**SOURCE MATERIAL**.
------------------------
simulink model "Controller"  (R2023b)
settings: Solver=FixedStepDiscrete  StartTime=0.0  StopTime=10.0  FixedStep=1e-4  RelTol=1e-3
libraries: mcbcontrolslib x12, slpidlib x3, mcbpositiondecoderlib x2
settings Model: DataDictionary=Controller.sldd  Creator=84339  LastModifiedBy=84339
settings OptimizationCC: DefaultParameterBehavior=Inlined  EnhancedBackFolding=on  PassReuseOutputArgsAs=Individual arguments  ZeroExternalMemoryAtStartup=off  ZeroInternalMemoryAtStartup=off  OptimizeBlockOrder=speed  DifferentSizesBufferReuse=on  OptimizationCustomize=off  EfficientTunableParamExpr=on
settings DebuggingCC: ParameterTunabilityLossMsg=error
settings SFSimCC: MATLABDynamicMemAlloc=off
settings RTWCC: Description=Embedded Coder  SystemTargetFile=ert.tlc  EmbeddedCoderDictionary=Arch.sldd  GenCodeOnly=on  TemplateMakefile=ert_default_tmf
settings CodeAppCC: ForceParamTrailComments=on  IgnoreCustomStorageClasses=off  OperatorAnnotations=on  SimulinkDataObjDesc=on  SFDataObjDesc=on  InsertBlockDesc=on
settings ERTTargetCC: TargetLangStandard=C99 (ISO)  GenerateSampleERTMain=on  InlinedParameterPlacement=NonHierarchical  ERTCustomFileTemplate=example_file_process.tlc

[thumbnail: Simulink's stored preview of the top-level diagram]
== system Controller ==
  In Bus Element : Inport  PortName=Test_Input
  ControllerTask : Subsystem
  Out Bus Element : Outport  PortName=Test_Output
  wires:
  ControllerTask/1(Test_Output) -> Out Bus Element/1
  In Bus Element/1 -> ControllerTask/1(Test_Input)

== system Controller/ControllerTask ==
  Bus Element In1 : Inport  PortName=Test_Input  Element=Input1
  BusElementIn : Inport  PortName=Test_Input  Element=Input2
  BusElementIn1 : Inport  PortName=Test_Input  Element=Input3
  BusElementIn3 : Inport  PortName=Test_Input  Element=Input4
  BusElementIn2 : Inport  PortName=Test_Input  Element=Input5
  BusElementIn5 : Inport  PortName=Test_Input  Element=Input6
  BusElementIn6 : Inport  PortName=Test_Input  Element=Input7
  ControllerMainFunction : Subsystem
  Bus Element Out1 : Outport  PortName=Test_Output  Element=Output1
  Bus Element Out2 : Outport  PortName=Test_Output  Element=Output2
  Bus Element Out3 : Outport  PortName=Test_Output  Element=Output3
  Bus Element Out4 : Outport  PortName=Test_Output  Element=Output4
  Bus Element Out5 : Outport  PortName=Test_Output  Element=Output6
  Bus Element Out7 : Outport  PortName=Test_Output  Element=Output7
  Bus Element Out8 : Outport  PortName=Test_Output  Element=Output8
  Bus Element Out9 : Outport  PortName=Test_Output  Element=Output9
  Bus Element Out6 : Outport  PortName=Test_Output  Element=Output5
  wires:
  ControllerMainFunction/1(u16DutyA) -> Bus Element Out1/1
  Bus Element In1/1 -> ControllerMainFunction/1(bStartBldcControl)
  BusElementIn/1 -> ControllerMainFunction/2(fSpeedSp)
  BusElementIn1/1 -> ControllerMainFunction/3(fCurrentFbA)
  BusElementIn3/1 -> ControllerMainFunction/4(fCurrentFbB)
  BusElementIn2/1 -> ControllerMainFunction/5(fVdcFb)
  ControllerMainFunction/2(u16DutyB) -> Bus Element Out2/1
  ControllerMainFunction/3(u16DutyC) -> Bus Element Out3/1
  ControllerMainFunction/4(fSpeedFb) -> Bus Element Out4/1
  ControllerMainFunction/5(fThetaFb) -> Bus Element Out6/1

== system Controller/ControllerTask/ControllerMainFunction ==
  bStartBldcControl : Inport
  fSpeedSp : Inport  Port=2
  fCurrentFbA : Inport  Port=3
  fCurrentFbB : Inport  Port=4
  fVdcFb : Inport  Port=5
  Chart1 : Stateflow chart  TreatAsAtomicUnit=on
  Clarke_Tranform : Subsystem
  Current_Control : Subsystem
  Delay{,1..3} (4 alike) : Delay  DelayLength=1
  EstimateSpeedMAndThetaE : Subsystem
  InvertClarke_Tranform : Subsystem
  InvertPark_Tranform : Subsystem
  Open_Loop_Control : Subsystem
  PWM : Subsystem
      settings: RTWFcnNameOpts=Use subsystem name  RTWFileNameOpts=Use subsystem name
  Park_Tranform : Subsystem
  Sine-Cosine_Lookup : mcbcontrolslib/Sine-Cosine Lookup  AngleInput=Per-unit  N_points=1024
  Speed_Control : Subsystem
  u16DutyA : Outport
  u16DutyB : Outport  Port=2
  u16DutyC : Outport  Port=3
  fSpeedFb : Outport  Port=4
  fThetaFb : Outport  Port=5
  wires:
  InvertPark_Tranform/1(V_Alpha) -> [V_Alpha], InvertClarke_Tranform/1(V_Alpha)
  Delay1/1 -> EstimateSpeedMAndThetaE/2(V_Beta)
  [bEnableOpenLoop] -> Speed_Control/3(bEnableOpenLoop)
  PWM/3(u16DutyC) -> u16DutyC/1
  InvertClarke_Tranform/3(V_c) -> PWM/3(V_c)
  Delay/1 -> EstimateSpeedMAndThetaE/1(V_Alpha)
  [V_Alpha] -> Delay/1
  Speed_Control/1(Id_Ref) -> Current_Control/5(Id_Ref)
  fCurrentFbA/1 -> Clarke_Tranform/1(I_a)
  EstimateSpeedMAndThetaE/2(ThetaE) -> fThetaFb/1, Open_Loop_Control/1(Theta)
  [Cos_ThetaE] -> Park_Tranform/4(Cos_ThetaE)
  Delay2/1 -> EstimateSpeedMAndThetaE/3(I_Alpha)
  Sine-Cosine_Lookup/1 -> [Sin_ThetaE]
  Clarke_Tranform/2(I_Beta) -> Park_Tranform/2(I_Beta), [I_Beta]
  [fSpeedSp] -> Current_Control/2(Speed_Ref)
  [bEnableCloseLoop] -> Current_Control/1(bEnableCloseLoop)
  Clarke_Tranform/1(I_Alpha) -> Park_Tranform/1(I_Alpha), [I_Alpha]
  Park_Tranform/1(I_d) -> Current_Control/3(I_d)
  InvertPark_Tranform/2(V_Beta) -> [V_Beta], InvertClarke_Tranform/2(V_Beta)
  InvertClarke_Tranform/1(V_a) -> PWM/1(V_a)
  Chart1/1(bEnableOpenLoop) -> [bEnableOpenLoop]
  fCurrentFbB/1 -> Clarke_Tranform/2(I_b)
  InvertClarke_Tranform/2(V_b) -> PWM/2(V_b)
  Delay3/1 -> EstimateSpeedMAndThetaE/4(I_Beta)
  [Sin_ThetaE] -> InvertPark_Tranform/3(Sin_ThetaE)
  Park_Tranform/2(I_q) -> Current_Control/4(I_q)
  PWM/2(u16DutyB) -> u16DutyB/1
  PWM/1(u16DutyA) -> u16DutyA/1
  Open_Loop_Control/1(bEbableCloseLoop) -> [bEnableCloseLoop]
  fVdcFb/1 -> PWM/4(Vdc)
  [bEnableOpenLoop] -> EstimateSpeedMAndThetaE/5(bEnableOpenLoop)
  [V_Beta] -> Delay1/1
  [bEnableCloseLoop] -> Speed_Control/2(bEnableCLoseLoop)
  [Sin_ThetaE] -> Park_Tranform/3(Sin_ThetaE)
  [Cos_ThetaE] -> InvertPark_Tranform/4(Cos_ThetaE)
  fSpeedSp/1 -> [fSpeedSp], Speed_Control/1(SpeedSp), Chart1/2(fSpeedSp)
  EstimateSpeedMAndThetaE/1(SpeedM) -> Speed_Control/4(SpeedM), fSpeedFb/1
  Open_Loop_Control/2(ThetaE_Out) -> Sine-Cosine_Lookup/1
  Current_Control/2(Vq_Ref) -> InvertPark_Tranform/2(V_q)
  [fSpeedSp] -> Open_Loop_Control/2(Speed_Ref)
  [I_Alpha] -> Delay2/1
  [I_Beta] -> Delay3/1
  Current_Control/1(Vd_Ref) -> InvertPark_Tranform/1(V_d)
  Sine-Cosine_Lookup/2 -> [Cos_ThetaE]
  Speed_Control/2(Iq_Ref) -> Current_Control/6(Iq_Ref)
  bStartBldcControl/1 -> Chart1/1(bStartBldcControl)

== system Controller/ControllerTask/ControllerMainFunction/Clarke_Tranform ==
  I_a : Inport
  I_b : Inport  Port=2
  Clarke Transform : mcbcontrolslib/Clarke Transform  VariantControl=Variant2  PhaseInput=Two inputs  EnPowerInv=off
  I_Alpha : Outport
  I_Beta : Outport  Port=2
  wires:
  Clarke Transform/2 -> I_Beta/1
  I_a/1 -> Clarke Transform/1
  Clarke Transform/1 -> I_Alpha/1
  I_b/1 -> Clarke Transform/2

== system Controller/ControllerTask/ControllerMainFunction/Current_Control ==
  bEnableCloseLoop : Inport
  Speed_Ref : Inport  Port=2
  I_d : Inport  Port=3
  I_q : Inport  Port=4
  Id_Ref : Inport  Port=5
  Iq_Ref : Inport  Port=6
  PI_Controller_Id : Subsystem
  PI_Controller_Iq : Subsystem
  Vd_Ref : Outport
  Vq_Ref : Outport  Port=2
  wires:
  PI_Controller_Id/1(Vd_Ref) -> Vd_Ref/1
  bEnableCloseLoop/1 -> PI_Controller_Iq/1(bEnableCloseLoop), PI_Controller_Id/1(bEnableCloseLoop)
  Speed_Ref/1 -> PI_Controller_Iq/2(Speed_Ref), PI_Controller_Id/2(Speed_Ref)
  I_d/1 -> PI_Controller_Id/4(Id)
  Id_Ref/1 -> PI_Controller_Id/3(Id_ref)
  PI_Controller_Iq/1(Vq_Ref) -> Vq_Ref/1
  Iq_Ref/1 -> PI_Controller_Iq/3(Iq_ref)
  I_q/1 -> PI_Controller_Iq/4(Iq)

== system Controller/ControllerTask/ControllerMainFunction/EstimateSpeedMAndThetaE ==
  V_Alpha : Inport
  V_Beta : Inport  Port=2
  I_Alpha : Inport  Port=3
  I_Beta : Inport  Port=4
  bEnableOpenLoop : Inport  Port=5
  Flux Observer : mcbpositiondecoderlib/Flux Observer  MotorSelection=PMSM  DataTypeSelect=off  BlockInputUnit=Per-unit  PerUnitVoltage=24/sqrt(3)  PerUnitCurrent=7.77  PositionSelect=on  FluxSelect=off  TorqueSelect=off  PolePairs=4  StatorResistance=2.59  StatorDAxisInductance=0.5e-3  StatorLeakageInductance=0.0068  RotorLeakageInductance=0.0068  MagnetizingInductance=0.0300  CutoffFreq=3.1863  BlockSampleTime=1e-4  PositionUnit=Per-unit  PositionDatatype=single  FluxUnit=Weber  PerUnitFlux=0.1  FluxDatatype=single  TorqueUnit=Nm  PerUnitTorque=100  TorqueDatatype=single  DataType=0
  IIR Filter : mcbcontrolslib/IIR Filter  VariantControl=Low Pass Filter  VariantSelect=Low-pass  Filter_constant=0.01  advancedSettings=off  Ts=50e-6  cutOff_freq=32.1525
------------------------
Search the records for the word "bEnableOpenLoop". Copy every line that has it.

  [bEnableOpenLoop] -> Speed_Control/3(bEnableOpenLoop)
  Chart1/1(bEnableOpenLoop) -> [bEnableOpenLoop]
  [bEnableOpenLoop] -> EstimateSpeedMAndThetaE/5(bEnableOpenLoop)
  bEnableOpenLoop : Inport  Port=5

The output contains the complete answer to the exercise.